ACTIVITY:
Find the word "blind" below. Copy each line that has it.

(Data excerpts)
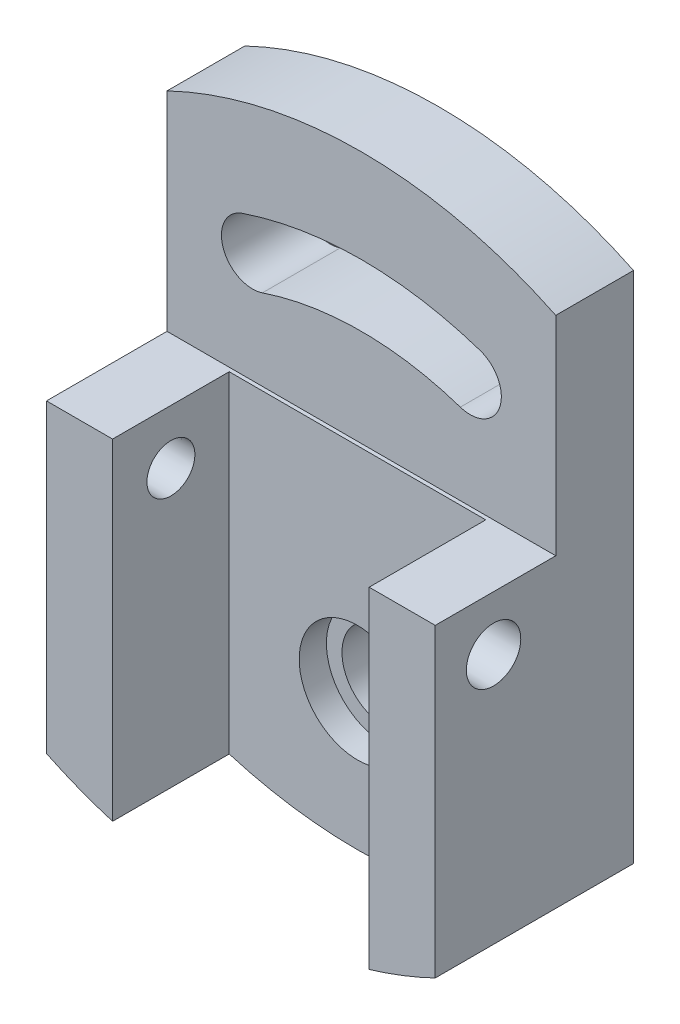
SolidWorks part; units mm, degrees
material "A286 Iron Base Superalloy"
ref_plane "Front Plane" through (0, 0, 0) normal (0, 0, 1) x (1, 0, 0)
ref_plane "Top Plane" through (0, 0, 0) normal (0, 1, 0) x (1, 0, 0)
ref_plane "Right Plane" through (0, 0, 0) normal (1, 0, 0) x (0, 0, -1)
sketch "Sketch1" plane through (0, 0, 0) normal (0, 0, 1) x (1, 0, 0)
  line L0 (0, 0) -> (0, 120) construction
  line L2 (-50, 108.5616) -> (-50, -23.5616)
  line L4 (50, 108.5616) -> (50, -23.5616)
  arc A0 (-50, 108.5616) -> (50, 108.5616) centre (0, 5) cw
  arc A1 (-50, -23.5616) -> (50, -23.5616) centre (0, 80) ccw
  point P0 (0, 0)
  dimension "D1" = 115
  dimension "D2" = 115
  dimension "D4" = 35
  dimension "D6" = 155
  dimension "D3" = 100
extrude "Boss-Extrude1" add sketch "Sketch1" along normal blind 20 contours L2 A1 L4 A0 region at (0, 42.5, 0)
sketch "Sketch2" plane through (0, 0, 20) normal (0, 0, 1) x (1, 0, 0)
  line L1 (-50, 108.5616) -> (-50, -23.5616) construction
  line L3 (-50, 55) -> (-50, -23.5616)
  line L4 (-50, 55) -> (-33, 55)
  line L5 (-33, 55) -> (-33, -30.1635)
  line L6 (0, -55) -> (0, 55) construction
  line L7 (33, 55) -> (33, -30.1635)
  line L8 (50, 55) -> (33, 55)
  line L9 (50, 55) -> (50, -23.5616)
  arc A0 (-50, -23.5616) -> (50, -23.5616) centre (0, 80) ccw construction
  arc A1 (-50, -23.5616) -> (-33, -30.1635) centre (0, 80) ccw
  arc A2 (50, -23.5616) -> (33, -30.1635) centre (0, 80) cw
  dimension "D1" = 90
  dimension "D2" = 33
extrude "Boss-Extrude2" add sketch "Sketch2" along normal blind 31
sketch "Sketch8" plane through (0, 0, 20) normal (0, 0, 1) x (1, 0, 0)
  circle A0 centre (0, 0) radius 15
  arc A1 (-33, -30.1635) -> (33, -30.1635) centre (0, 80) ccw construction
  circle A2 centre (0, 0) radius 11
  dimension "D2" = 30
  dimension "D3" = 22
  dimension "D1" = 35
extrude "Cut-Extrude4" cut sketch "Sketch8" against normal blind 6
extrude "Cut-Extrude5" cut sketch "Sketch8<2>" against normal through all contours A2 region at (0, 0, 20)
sketch "Sketch8<2>" plane through (0, 0, 20) normal (0, 0, 1) x (1, 0, 0) same geometry as "Sketch8"
sketch "Sketch9" plane through (50, 0, 0) normal (1, 0, 0) x (0, 0, -1)
  line L0 (-51, -23.5616) -> (-51, 55) construction
  line L1 (-51, 55) -> (-20, 55) construction
  circle A0 centre (-36, 41) radius 7
  dimension "D1" = 14
  dimension "D2" = 15
  dimension "D3" = 14
sketch "Sketch10" plane through (-50, 0, 0) normal (-1, 0, 0) x (0, 0, 1)
  circle A0 centre (36, 41) radius 6
  dimension "D1" = 12
loft "Cut-Loft1" cut profiles "Sketch10", "Sketch9" connector at (-50, 35.0005, 36.0792) connector at (50, 34.0109, 35.6088)
sketch "Sketch11" plane through (0, 0, 20) normal (0, 0, 1) x (1, 0, 0)
  line L0 (0, 88) -> (0, 0) construction
  arc A0 (-28, 83.4266) -> (28, 83.4266) centre (0, 0) cw construction
  arc A1 (30.5455, 91.0109) -> (-30.5455, 91.0109) centre (0, 0) ccw
  arc A2 (25.4545, 75.8424) -> (-25.4545, 75.8424) centre (0, 0) ccw
  arc A3 (25.4545, 75.8424) -> (30.5455, 91.0109) centre (28, 83.4266) ccw
  arc A4 (-30.5455, 91.0109) -> (-25.4545, 75.8424) centre (-28, 83.4266) ccw
  point P4 (0, 88)
  dimension "D1" = 88
  dimension "D3" = 8
  dimension "D2" = 56
extrude "Cut-Extrude6" cut sketch "Sketch11" against normal through all
sketch "Sketch12" plane through (0, 0, 20) normal (0, 0, 1) x (1, 0, 0)
  line L2 (-33, -30.1635) -> (-33, 55)
  line L3 (-33, 55) -> (33, 55)
  line L4 (33, -30.1635) -> (33, 55)
  circle A0 centre (0, 0) radius 11 construction
  circle A1 centre (0, 0) radius 15 construction
  circle A2 centre (0, 0) radius 11
  circle A3 centre (0, 0) radius 15
  arc A4 (-33, -30.1635) -> (33, -30.1635) centre (0, 80) ccw construction
  arc A5 (-33, -30.1635) -> (33, -30.1635) centre (0, 80) ccw
  circle M5 centre (0, 0) radius 15
  line M7 (-33, 55) -> (-33, -30.1635)
  arc M8 (-33, -30.1635) -> (33, -30.1635) centre (0, 80) ccw
  line M9 (33, -30.1635) -> (33, 55)
extrude "Boss-Extrude3" add sketch "Sketch12" along normal blind 1 contours L3 M7 M8 M9 M5 region at (-31.8839, 12.4182, 20)

YOUR SOLUTION:
extrude "Boss-Extrude1" add sketch "Sketch1" along normal blind 20 contours L2 A1 L4 A0 region at (0, 42.5, 0)
extrude "Boss-Extrude2" add sketch "Sketch2" along normal blind 31
extrude "Cut-Extrude4" cut sketch "Sketch8" against normal blind 6
extrude "Boss-Extrude3" add sketch "Sketch12" along normal blind 1 contours L3 M7 M8 M9 M5 region at (-31.8839, 12.4182, 20)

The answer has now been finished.